Cuando los bancos centrales se vuelven verdes

NUEVA YORK – Confrontados con la cuestión del cambio climático, los bancos centrales enfrentan una cantidad de interrogantes. ¿Los responsables de las políticas monetarias (y otros reguladores y supervisores financieros) deberían centrarse en las implicancias del cambio climático en la estabilidad financiera? ¿Deberían tratar al cambio climático como una potencial amenaza para su capacidad a la hora de aplicar sus mandatos macroeconómicos de pleno empleo y/o estabilidad de precios? ¿Mitigar las consecuencias adversas del cambio climático debería convertirse en un objetivo de política monetaria explícito?

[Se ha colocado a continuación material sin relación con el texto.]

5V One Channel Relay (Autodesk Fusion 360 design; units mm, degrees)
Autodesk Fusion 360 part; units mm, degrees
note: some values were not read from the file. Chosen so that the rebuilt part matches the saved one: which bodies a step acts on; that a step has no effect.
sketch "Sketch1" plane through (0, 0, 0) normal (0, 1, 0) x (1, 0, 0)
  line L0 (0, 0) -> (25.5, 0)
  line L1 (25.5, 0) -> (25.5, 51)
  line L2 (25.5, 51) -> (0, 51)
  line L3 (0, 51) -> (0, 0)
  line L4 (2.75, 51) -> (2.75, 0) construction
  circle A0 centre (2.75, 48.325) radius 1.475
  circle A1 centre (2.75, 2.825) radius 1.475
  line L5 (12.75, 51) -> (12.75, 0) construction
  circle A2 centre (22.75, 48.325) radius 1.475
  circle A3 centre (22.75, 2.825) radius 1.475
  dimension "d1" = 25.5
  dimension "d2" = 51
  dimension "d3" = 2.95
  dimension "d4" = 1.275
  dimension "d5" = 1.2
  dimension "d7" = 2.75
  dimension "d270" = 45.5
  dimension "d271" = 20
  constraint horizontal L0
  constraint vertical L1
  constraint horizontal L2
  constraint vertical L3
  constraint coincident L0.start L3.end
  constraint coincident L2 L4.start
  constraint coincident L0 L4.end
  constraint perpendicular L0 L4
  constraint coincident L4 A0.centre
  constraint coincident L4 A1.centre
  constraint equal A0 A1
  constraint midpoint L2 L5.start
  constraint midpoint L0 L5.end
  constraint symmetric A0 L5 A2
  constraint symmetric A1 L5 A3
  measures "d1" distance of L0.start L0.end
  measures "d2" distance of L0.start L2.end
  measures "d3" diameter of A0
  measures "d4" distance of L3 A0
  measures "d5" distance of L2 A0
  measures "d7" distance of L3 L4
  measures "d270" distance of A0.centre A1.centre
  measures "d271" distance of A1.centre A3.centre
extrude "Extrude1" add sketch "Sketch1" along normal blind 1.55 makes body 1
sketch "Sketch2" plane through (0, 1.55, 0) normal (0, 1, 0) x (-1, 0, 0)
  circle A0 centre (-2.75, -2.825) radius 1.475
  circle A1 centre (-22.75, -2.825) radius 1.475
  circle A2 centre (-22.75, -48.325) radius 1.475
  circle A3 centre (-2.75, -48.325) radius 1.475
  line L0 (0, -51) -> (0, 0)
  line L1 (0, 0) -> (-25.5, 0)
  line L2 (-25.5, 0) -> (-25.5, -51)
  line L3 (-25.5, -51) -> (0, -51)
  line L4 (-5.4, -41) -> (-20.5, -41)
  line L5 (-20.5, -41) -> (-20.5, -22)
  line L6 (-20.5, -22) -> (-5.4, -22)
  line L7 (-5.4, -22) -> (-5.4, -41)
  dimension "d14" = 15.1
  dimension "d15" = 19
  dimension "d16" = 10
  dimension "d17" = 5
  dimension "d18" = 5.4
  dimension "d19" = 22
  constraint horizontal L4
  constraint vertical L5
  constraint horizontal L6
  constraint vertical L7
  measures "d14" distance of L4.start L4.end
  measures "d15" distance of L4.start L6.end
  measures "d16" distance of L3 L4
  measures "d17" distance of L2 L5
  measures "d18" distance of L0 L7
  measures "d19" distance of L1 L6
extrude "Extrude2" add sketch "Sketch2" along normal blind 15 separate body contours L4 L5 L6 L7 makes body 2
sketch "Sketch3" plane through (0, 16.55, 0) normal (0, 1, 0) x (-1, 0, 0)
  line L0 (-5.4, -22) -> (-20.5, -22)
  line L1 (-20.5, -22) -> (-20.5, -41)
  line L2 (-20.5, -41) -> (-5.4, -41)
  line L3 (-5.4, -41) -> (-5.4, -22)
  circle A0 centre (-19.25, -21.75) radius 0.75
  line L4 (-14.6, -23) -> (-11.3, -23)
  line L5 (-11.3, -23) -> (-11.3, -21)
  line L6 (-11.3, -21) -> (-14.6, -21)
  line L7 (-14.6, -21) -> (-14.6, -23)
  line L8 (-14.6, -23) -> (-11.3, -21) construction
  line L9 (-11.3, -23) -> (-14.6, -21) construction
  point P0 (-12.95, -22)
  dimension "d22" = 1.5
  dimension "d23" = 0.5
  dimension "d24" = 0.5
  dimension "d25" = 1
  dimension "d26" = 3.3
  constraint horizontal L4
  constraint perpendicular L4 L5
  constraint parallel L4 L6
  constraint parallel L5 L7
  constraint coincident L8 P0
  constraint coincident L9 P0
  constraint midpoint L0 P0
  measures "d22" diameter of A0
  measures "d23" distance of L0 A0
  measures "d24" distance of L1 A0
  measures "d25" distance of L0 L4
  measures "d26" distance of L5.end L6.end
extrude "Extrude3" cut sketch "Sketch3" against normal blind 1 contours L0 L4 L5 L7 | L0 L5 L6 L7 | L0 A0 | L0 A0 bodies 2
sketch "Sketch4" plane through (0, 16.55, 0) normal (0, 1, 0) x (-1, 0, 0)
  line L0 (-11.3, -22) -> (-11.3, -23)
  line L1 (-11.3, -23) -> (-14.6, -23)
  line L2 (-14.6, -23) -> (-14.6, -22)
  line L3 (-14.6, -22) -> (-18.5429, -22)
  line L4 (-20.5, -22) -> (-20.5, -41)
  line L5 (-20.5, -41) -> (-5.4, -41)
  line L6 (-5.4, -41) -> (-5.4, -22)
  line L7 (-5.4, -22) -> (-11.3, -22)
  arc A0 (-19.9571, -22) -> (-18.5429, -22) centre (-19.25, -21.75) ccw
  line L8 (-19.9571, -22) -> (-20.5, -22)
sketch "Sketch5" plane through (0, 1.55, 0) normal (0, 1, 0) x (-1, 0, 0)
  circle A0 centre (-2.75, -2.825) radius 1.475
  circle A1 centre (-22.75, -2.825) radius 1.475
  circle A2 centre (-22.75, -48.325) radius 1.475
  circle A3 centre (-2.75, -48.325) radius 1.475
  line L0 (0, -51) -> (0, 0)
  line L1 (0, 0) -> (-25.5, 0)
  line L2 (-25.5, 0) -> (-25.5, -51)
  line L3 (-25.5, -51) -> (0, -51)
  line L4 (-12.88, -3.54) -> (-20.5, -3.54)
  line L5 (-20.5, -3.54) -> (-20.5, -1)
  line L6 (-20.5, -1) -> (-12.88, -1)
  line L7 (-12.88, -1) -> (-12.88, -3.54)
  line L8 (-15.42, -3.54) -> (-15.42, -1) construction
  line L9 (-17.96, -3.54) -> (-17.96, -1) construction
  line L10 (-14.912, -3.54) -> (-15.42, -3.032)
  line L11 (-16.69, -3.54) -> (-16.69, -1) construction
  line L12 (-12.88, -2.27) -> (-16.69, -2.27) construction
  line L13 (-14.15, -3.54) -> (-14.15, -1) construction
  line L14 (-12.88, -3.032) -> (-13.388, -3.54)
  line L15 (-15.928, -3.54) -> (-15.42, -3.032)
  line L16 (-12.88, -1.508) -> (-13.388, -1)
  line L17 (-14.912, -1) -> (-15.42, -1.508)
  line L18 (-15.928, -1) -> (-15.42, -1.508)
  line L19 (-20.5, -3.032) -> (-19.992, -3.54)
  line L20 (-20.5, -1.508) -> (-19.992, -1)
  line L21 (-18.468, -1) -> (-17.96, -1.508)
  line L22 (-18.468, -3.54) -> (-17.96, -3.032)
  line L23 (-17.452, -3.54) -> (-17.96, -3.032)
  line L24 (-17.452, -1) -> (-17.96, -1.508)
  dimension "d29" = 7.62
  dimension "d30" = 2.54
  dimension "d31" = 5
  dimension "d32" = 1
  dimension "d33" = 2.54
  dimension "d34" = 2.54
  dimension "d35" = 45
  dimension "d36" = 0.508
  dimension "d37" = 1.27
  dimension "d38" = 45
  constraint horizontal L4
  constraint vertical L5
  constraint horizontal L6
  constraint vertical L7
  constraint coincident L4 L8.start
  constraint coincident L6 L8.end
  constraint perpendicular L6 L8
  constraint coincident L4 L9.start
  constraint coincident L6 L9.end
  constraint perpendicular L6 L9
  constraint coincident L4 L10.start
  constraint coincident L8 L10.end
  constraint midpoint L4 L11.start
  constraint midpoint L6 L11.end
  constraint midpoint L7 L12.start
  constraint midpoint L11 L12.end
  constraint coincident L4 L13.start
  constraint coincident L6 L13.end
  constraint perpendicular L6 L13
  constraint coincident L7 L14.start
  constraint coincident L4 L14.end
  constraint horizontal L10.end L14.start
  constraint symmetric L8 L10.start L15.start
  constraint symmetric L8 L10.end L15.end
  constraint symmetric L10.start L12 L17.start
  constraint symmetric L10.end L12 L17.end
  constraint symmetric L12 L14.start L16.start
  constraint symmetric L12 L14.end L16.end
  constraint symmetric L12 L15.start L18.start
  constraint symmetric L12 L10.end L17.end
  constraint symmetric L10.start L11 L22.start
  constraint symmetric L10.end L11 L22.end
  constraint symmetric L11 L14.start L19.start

Al considerar estas cuestiones, es importante recordar que existen dos tipos distintos de riesgos financieros asociados al cambio climático. El primero incluye los riesgos de la transición o mitigación que surgen a partir de un cambio exitoso a un futuro con menos emisiones de carbono. Por ejemplo, las políticas de mitigación climática y de energías verdes podrían resultar en activos bloqueados –por caso, las reservas de combustibles fósiles- cuyo valor decaería marcadamente, debido a un cambio fundamental en la demanda generado por la legislación, la regulación, la tributación, la tecnología, los gustos y demás.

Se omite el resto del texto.